Charles Krauthammer does it again. In today's essay, The Same Old Saw On Social Security, he writes:
There is no trust fund. The past Social Security surpluses were spent the year they were created. The idea that in 2017, when the surpluses disappear, we will be able to go to a box in West Virginia to retrieve the money we need to make up the shortfall (between what Social Security takes in and what it pays out that year) is a deception. There is no money there. It will have to be borrowed or garnered from new taxes.

But things are worse than that. The fiscal problem starts to kick in not in 2017 but in 2009. The Social Security surplus, which Congress happily spends every year, peaks in 2008. Which means that starting in four years (and for every year thereafter) a budgetary squeeze begins, requiring new taxation or new borrowing.

If in 2010 tax revenue and spending remain exactly the same as in 2009, the Treasury will not end up with the same size deficit. It will end up with a larger deficit, because the amount of money it was receiving free and "borrowed" from the Social Security surplus will have shrunk.

That surplus shrinks from its peak in 2008 to zero in 2017 and goes negative after that. That is a very serious fiscal problem that starts not in 50 years, not even in 12 years, but in four.
Let's ignore for the moment the claim that "there is no trust fund" - which there is, by the way. We will be able to go to a box in West Virginia to retrieve the money we need, by redeeming the bonds.

Of interest is Krauthammer's concern that the surplus will peak in 2008. After that, Krauthammer worries, there will be less Social Security surplus paying for general federal expenditures. Yeah. So where is Krauthammer's call for higher income or corporate or inheritance taxes to make up the difference? Where is Krauthammer's complaint that the deficits are the result of Bush's tax cuts?

There are none, which shows the intellectual dishonesty of the man.


3 comments

Actually, you have it exactly backwards: Kraphammer is perhaps the most honest Republican hack pundit in print today. In the cited piece, he has pretty much said that all those payroll taxes you poor dupes have been coughing up for the last 22 years have been part of a massive Republican scam. Although we told you that your were paying into Social Security, in actual fact you were just paying 6.2% additional taxes that upper-income people did not have to pay!

Now we're getting close to the time when the deception can no longer be maintained, so we'll just tell you that you've been had.
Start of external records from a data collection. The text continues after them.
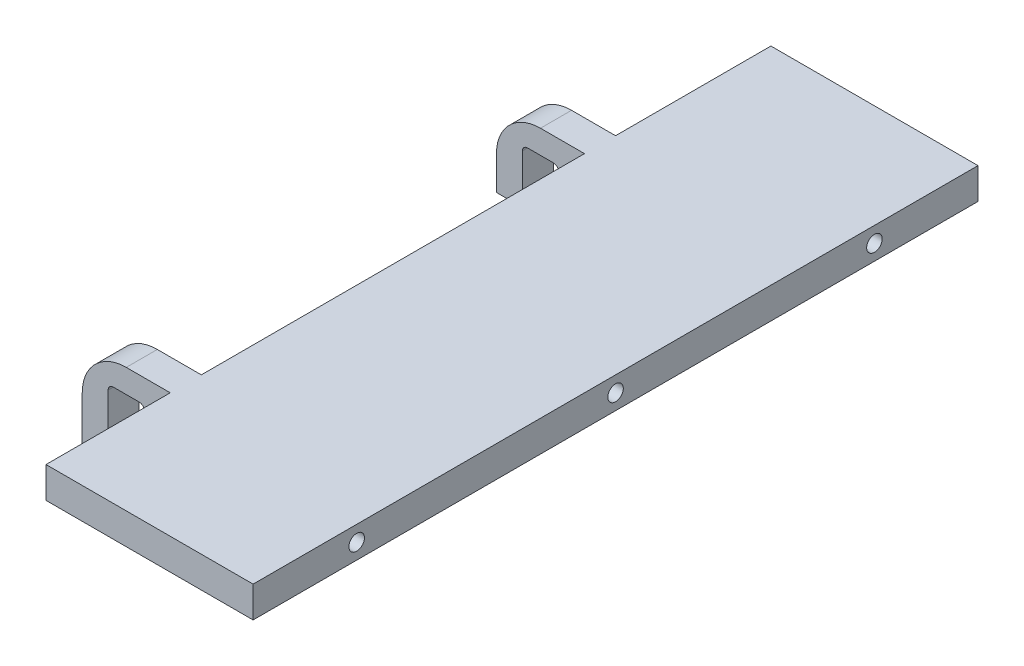
ISO-10303-21;
HEADER;
FILE_DESCRIPTION(('STEP AP214'),'2;1');
FILE_NAME('part.step','',(''),(''),'','','');
FILE_SCHEMA(('AUTOMOTIVE_DESIGN { 1 0 10303 214 1 1 1 1 }'));
ENDSEC;
DATA;
#1=APPLICATION_CONTEXT('core data for automotive mechanical design processes');
#2=APPLICATION_PROTOCOL_DEFINITION('international standard','automotive_design',2000,#1);
#3=PRODUCT_CONTEXT('',#1,'mechanical');
#4=PRODUCT('Part','Part','',(#3));
#5=PRODUCT_RELATED_PRODUCT_CATEGORY('part','',(#4));
#6=PRODUCT_DEFINITION_FORMATION('','',#4);
#7=PRODUCT_DEFINITION_CONTEXT('part definition',#1,'design');
#8=PRODUCT_DEFINITION('design','',#6,#7);
#9=PRODUCT_DEFINITION_SHAPE('','',#8);
#10=(LENGTH_UNIT() NAMED_UNIT(*) SI_UNIT(.MILLI.,.METRE.));
#11=(NAMED_UNIT(*) PLANE_ANGLE_UNIT() SI_UNIT($,.RADIAN.));
#12=(NAMED_UNIT(*) SI_UNIT($,.STERADIAN.) SOLID_ANGLE_UNIT());
#13=UNCERTAINTY_MEASURE_WITH_UNIT(LENGTH_MEASURE(1.E-05),#10,'distance_accuracy_value','');
#14=(GEOMETRIC_REPRESENTATION_CONTEXT(3) GLOBAL_UNCERTAINTY_ASSIGNED_CONTEXT((#13)) GLOBAL_UNIT_ASSIGNED_CONTEXT((#10,
#11,#12)) REPRESENTATION_CONTEXT('',''));
#15=CARTESIAN_POINT('',(0.,0.,0.));
#16=DIRECTION('',(0.,0.,1.));
#17=DIRECTION('',(1.,0.,0.));
#18=AXIS2_PLACEMENT_3D('',#15,#16,#17);
#19=CARTESIAN_POINT('',(11.,4.5,-15.));
#20=DIRECTION('',(-1.,0.,0.));
#21=DIRECTION('',(0.,0.,-1.));
#22=AXIS2_PLACEMENT_3D('',#19,#20,#21);
#23=PLANE('',#22);
#24=DIRECTION('',(0.,0.,-1.));
#25=VECTOR('',#24,1.);
#26=CARTESIAN_POINT('',(11.,7.5,-15.));
#27=LINE('',#26,#25);
#28=CARTESIAN_POINT('',(11.,7.5,40.));
#29=VERTEX_POINT('',#28);
#30=CARTESIAN_POINT('',(11.,7.5,3.));
#31=VERTEX_POINT('',#30);
#32=EDGE_CURVE('E353',#29,#31,#27,.T.);
#33=ORIENTED_EDGE('',*,*,#32,.T.);
#34=DIRECTION('',(0.,1.,0.));
#35=VECTOR('',#34,1.);
#36=CARTESIAN_POINT('',(11.,0.,3.));
#37=LINE('',#36,#35);
#38=CARTESIAN_POINT('',(11.,4.5,3.));
#39=VERTEX_POINT('',#38);
#40=EDGE_CURVE('E373',#39,#31,#37,.T.);
#41=ORIENTED_EDGE('',*,*,#40,.F.);
#42=DIRECTION('',(0.,0.,-1.));
#43=VECTOR('',#42,1.);
#44=CARTESIAN_POINT('',(11.,4.5,-15.));
#45=LINE('',#44,#43);
#46=CARTESIAN_POINT('',(11.,4.5,40.));
#47=VERTEX_POINT('',#46);
#48=EDGE_CURVE('E341',#47,#39,#45,.T.);
#49=ORIENTED_EDGE('',*,*,#48,.F.);
#50=DIRECTION('',(0.,1.,0.));
#51=VECTOR('',#50,1.);
#52=CARTESIAN_POINT('',(11.,0.,40.));
#53=LINE('',#52,#51);
#54=EDGE_CURVE('E310',#47,#29,#53,.T.);
#55=ORIENTED_EDGE('',*,*,#54,.T.);
#56=EDGE_LOOP('',(#33,#41,#49,#55));
#57=FACE_BOUND('',#56,.T.);
#58=ADVANCED_FACE('F36',(#57),#23,.T.);
#59=CARTESIAN_POINT('',(11.,0.,3.));
#60=DIRECTION('',(1.,0.,0.));
#61=DIRECTION('',(0.,0.,1.));
#62=AXIS2_PLACEMENT_3D('',#59,#60,#61);
#63=PLANE('',#62);
#64=CARTESIAN_POINT('',(11.,0.,3.));
#65=VERTEX_POINT('',#64);
#66=CARTESIAN_POINT('',(11.,1.5,3.));
#67=VERTEX_POINT('',#66);
#68=EDGE_CURVE('E374',#65,#67,#37,.T.);
#69=ORIENTED_EDGE('',*,*,#68,.F.);
#70=DIRECTION('',(0.,0.,-1.));
#71=VECTOR('',#70,1.);
#72=CARTESIAN_POINT('',(11.,0.,3.));
#73=LINE('',#72,#71);
#74=CARTESIAN_POINT('',(11.,0.,0.));
#75=VERTEX_POINT('',#74);
#76=EDGE_CURVE('E416',#65,#75,#73,.T.);
#77=ORIENTED_EDGE('',*,*,#76,.T.);
#78=DIRECTION('',(0.,1.,0.));
#79=VECTOR('',#78,1.);
#80=CARTESIAN_POINT('',(11.,0.,0.));
#81=LINE('',#80,#79);
#82=CARTESIAN_POINT('',(11.,1.5,0.));
#83=VERTEX_POINT('',#82);
#84=EDGE_CURVE('E396',#75,#83,#81,.T.);
#85=ORIENTED_EDGE('',*,*,#84,.T.);
#86=DIRECTION('',(0.,0.,-1.));
#87=VECTOR('',#86,1.);
#88=CARTESIAN_POINT('',(11.,1.5,3.));
#89=LINE('',#88,#87);
#90=EDGE_CURVE('E443',#67,#83,#89,.T.);
#91=ORIENTED_EDGE('',*,*,#90,.F.);
#92=EDGE_LOOP('',(#69,#77,#85,#91));
#93=FACE_BOUND('',#92,.T.);
#94=ADVANCED_FACE('F594',(#93),#63,.T.);
#95=CARTESIAN_POINT('',(2.5,0.,3.));
#96=DIRECTION('',(1.,0.,0.));
#97=DIRECTION('',(0.,0.,1.));
#98=AXIS2_PLACEMENT_3D('',#95,#96,#97);
#99=PLANE('',#98);
#100=DIRECTION('',(0.,1.,0.));
#101=VECTOR('',#100,1.);
#102=CARTESIAN_POINT('',(2.5,0.,0.));
#103=LINE('',#102,#101);
#104=CARTESIAN_POINT('',(2.5,0.,0.));
#105=VERTEX_POINT('',#104);
#106=CARTESIAN_POINT('',(2.5,3.25,0.));
#107=VERTEX_POINT('',#106);
#108=EDGE_CURVE('E358',#105,#107,#103,.T.);
#109=ORIENTED_EDGE('',*,*,#108,.F.);
#110=DIRECTION('',(0.,0.,-1.));
#111=VECTOR('',#110,1.);
#112=CARTESIAN_POINT('',(2.5,0.,3.));
#113=LINE('',#112,#111);
#114=CARTESIAN_POINT('',(2.5,0.,3.));
#115=VERTEX_POINT('',#114);
#116=EDGE_CURVE('E387',#115,#105,#113,.T.);
#117=ORIENTED_EDGE('',*,*,#116,.F.);
#118=DIRECTION('',(0.,1.,0.));
#119=VECTOR('',#118,1.);
#120=CARTESIAN_POINT('',(2.5,0.,3.));
#121=LINE('',#120,#119);
#122=CARTESIAN_POINT('',(2.5,3.25,3.));
#123=VERTEX_POINT('',#122);
#124=EDGE_CURVE('E364',#115,#123,#121,.T.);
#125=ORIENTED_EDGE('',*,*,#124,.T.);
#126=DIRECTION('',(0.,0.,-1.));
#127=VECTOR('',#126,1.);
#128=CARTESIAN_POINT('',(2.5,3.25,3.));
#129=LINE('',#128,#127);
#130=EDGE_CURVE('E422',#123,#107,#129,.T.);
#131=ORIENTED_EDGE('',*,*,#130,.T.);
#132=EDGE_LOOP('',(#109,#117,#125,#131));
#133=FACE_BOUND('',#132,.T.);
#134=ADVANCED_FACE('F519',(#133),#99,.F.);
#135=CARTESIAN_POINT('',(6.75,3.25,3.));
#136=DIRECTION('',(0.,0.,-1.));
#137=DIRECTION('',(1.,0.,0.));
#138=AXIS2_PLACEMENT_3D('',#135,#136,#137);
#139=CYLINDRICAL_SURFACE('',#138,4.25);
#140=CARTESIAN_POINT('',(6.75,3.25,0.));
#141=DIRECTION('',(0.,0.,-1.));
#142=DIRECTION('',(-1.,0.,0.));
#143=AXIS2_PLACEMENT_3D('',#140,#141,#142);
#144=CIRCLE('',#143,4.25);
#145=CARTESIAN_POINT('',(6.75,7.5,0.));
#146=VERTEX_POINT('',#145);
#147=EDGE_CURVE('E390',#107,#146,#144,.T.);
#148=ORIENTED_EDGE('',*,*,#147,.F.);
#149=ORIENTED_EDGE('',*,*,#130,.F.);
#150=CARTESIAN_POINT('',(6.75,3.25,3.));
#151=DIRECTION('',(0.,0.,-1.));
#152=DIRECTION('',(-1.,0.,0.));
#153=AXIS2_PLACEMENT_3D('',#150,#151,#152);
#154=CIRCLE('',#153,4.25);
#155=CARTESIAN_POINT('',(6.75,7.5,3.));
#156=VERTEX_POINT('',#155);
#157=EDGE_CURVE('E367',#123,#156,#154,.T.);
#158=ORIENTED_EDGE('',*,*,#157,.T.);
#159=DIRECTION('',(0.,0.,-1.));
#160=VECTOR('',#159,1.);
#161=CARTESIAN_POINT('',(6.75,7.5,3.));
#162=LINE('',#161,#160);
#163=EDGE_CURVE('E419',#156,#146,#162,.T.);
#164=ORIENTED_EDGE('',*,*,#163,.T.);
#165=EDGE_LOOP('',(#148,#149,#158,#164));
#166=FACE_BOUND('',#165,.T.);
#167=ADVANCED_FACE('F522',(#166),#139,.T.);
#168=CARTESIAN_POINT('',(5.,7.5,3.));
#169=DIRECTION('',(0.,1.,0.));
#170=DIRECTION('',(0.,0.,1.));
#171=AXIS2_PLACEMENT_3D('',#168,#169,#170);
#172=PLANE('',#171);
#173=DIRECTION('',(-1.,0.,0.));
#174=VECTOR('',#173,1.);
#175=CARTESIAN_POINT('',(5.,7.5,0.));
#176=LINE('',#175,#174);
#177=CARTESIAN_POINT('',(11.,7.5,0.));
#178=VERTEX_POINT('',#177);
#179=EDGE_CURVE('E393',#178,#146,#176,.T.);
#180=ORIENTED_EDGE('',*,*,#179,.T.);
#181=ORIENTED_EDGE('',*,*,#163,.F.);
#182=DIRECTION('',(-1.,0.,0.));
#183=VECTOR('',#182,1.);
#184=CARTESIAN_POINT('',(5.,7.5,3.));
#185=LINE('',#184,#183);
#186=EDGE_CURVE('E371',#31,#156,#185,.T.);
#187=ORIENTED_EDGE('',*,*,#186,.F.);
#188=ORIENTED_EDGE('',*,*,#32,.F.);
#189=DIRECTION('',(-1.,0.,0.));
#190=VECTOR('',#189,1.);
#191=CARTESIAN_POINT('',(5.,7.5,40.));
#192=LINE('',#191,#190);
#193=CARTESIAN_POINT('',(6.75,7.5,40.));
#194=VERTEX_POINT('',#193);
#195=EDGE_CURVE('E307',#29,#194,#192,.T.);
#196=ORIENTED_EDGE('',*,*,#195,.T.);
#197=DIRECTION('',(0.,0.,-1.));
#198=VECTOR('',#197,1.);
#199=CARTESIAN_POINT('',(6.75,7.5,43.));
#200=LINE('',#199,#198);
#201=CARTESIAN_POINT('',(6.75,7.5,43.));
#202=VERTEX_POINT('',#201);
#203=EDGE_CURVE('E323',#202,#194,#200,.T.);
#204=ORIENTED_EDGE('',*,*,#203,.F.);
#205=DIRECTION('',(-1.,0.,0.));
#206=VECTOR('',#205,1.);
#207=CARTESIAN_POINT('',(5.,7.5,43.));
#208=LINE('',#207,#206);
#209=CARTESIAN_POINT('',(11.,7.5,43.));
#210=VERTEX_POINT('',#209);
#211=EDGE_CURVE('E290',#210,#202,#208,.T.);
#212=ORIENTED_EDGE('',*,*,#211,.F.);
#213=CARTESIAN_POINT('',(11.,7.5,55.));
#214=VERTEX_POINT('',#213);
#215=EDGE_CURVE('E350',#214,#210,#27,.T.);
#216=ORIENTED_EDGE('',*,*,#215,.F.);
#217=DIRECTION('',(-1.,0.,0.));
#218=VECTOR('',#217,1.);
#219=CARTESIAN_POINT('',(31.,7.5,55.));
#220=LINE('',#219,#218);
#221=CARTESIAN_POINT('',(31.,7.5,55.));
#222=VERTEX_POINT('',#221);
#223=EDGE_CURVE('E346',#222,#214,#220,.T.);
#224=ORIENTED_EDGE('',*,*,#223,.F.);
#225=DIRECTION('',(0.,0.,1.));
#226=VECTOR('',#225,1.);
#227=CARTESIAN_POINT('',(31.,7.5,-15.));
#228=LINE('',#227,#226);
#229=CARTESIAN_POINT('',(31.,7.5,-15.));
#230=VERTEX_POINT('',#229);
#231=EDGE_CURVE('E329',#230,#222,#228,.T.);
#232=ORIENTED_EDGE('',*,*,#231,.F.);
#233=DIRECTION('',(1.,0.,0.));
#234=VECTOR('',#233,1.);
#235=CARTESIAN_POINT('',(31.,7.5,-15.));
#236=LINE('',#235,#234);
#237=CARTESIAN_POINT('',(11.,7.5,-15.));
#238=VERTEX_POINT('',#237);
#239=EDGE_CURVE('E334',#238,#230,#236,.T.);
#240=ORIENTED_EDGE('',*,*,#239,.F.);
#241=EDGE_CURVE('E349',#178,#238,#27,.T.);
#242=ORIENTED_EDGE('',*,*,#241,.F.);
#243=EDGE_LOOP('',(#180,#181,#187,#188,#196,#204,#212,#216,#224,#232,#240,#242));
#244=FACE_BOUND('',#243,.T.);
#245=ADVANCED_FACE('F528',(#244),#172,.T.);
#246=CARTESIAN_POINT('',(5.,0.,3.));
#247=DIRECTION('',(0.,1.,0.));
#248=DIRECTION('',(0.,0.,1.));
#249=AXIS2_PLACEMENT_3D('',#246,#247,#248);
#250=PLANE('',#249);
#251=DIRECTION('',(-1.,0.,0.));
#252=VECTOR('',#251,1.);
#253=CARTESIAN_POINT('',(5.,0.,0.));
#254=LINE('',#253,#252);
#255=CARTESIAN_POINT('',(8.5,0.,0.));
#256=VERTEX_POINT('',#255);
#257=EDGE_CURVE('E399',#75,#256,#254,.T.);
#258=ORIENTED_EDGE('',*,*,#257,.F.);
#259=ORIENTED_EDGE('',*,*,#76,.F.);
#260=DIRECTION('',(-1.,0.,0.));
#261=VECTOR('',#260,1.);
#262=CARTESIAN_POINT('',(5.,0.,3.));
#263=LINE('',#262,#261);
#264=CARTESIAN_POINT('',(8.5,0.,3.));
#265=VERTEX_POINT('',#264);
#266=EDGE_CURVE('E377',#65,#265,#263,.T.);
#267=ORIENTED_EDGE('',*,*,#266,.T.);
#268=DIRECTION('',(0.,0.,-1.));
#269=VECTOR('',#268,1.);
#270=CARTESIAN_POINT('',(8.5,0.,3.));
#271=LINE('',#270,#269);
#272=EDGE_CURVE('E413',#265,#256,#271,.T.);
#273=ORIENTED_EDGE('',*,*,#272,.T.);
#274=EDGE_LOOP('',(#258,#259,#267,#273));
#275=FACE_BOUND('',#274,.T.);
#276=ADVANCED_FACE('F501',(#275),#250,.F.);
#277=CARTESIAN_POINT('',(8.5,0.,3.));
#278=DIRECTION('',(-1.,0.,0.));
#279=DIRECTION('',(0.,1.,0.));
#280=AXIS2_PLACEMENT_3D('',#277,#278,#279);
#281=PLANE('',#280);
#282=DIRECTION('',(0.,-1.,0.));
#283=VECTOR('',#282,1.);
#284=CARTESIAN_POINT('',(8.5,0.,0.));
#285=LINE('',#284,#283);
#286=CARTESIAN_POINT('',(8.5,4.72806038091198,0.));
#287=VERTEX_POINT('',#286);
#288=EDGE_CURVE('E402',#287,#256,#285,.T.);
#289=ORIENTED_EDGE('',*,*,#288,.T.);
#290=ORIENTED_EDGE('',*,*,#272,.F.);
#291=DIRECTION('',(0.,-1.,0.));
#292=VECTOR('',#291,1.);
#293=CARTESIAN_POINT('',(8.5,0.,3.));
#294=LINE('',#293,#292);
#295=CARTESIAN_POINT('',(8.5,4.72806038091198,3.));
#296=VERTEX_POINT('',#295);
#297=EDGE_CURVE('E380',#296,#265,#294,.T.);
#298=ORIENTED_EDGE('',*,*,#297,.F.);
#299=DIRECTION('',(0.,0.,1.));
#300=VECTOR('',#299,1.);
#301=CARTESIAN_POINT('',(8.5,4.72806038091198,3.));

The whole thing was a scam, a con game.

Frankly, I think that's the most intelectually honest thing that any syndicated pundit has written about Social Security.

Derelict

By Anonymous Anonymous, at 5/06/2005 11:45 AM  

Bikepaths of Glory:

Donned my tight black shorts and fitted flag-bedecked tee and took the trusty old BMX for another spin round the park today; fucking swarthy kids all over the racetrack, blocking my path, most of them dirty snot-nosed ’slim spawn.

Waited behind a tree for them to leave, all the while taking notes (I’m a trained journalist) which I will pass on to my important new buds at homeland security in due course.

With any luck the vanguard … err… Republican Party is going to send those oil ticks back to the rat-infested hell holes they come from. Like Muzzieland and Koranistan. Or France.

Then I’ll have the track to myself. Ride bike fast. Go wheeeee. :)

Love, Charles Johnson
CEO & Founder
PajamaMedia

By Anonymous Anonymous, at 5/06/2005 1:10 PM  

The now apparently brain dead Wm. Buckley wrote a similarly hysterical column, blaming the terrible AARP and those nefarious citizens plotting to collect a bonanza in the future. NO MENTION of the 1/3 of recipients who are surviving spouses, dependent children and the disabled of course.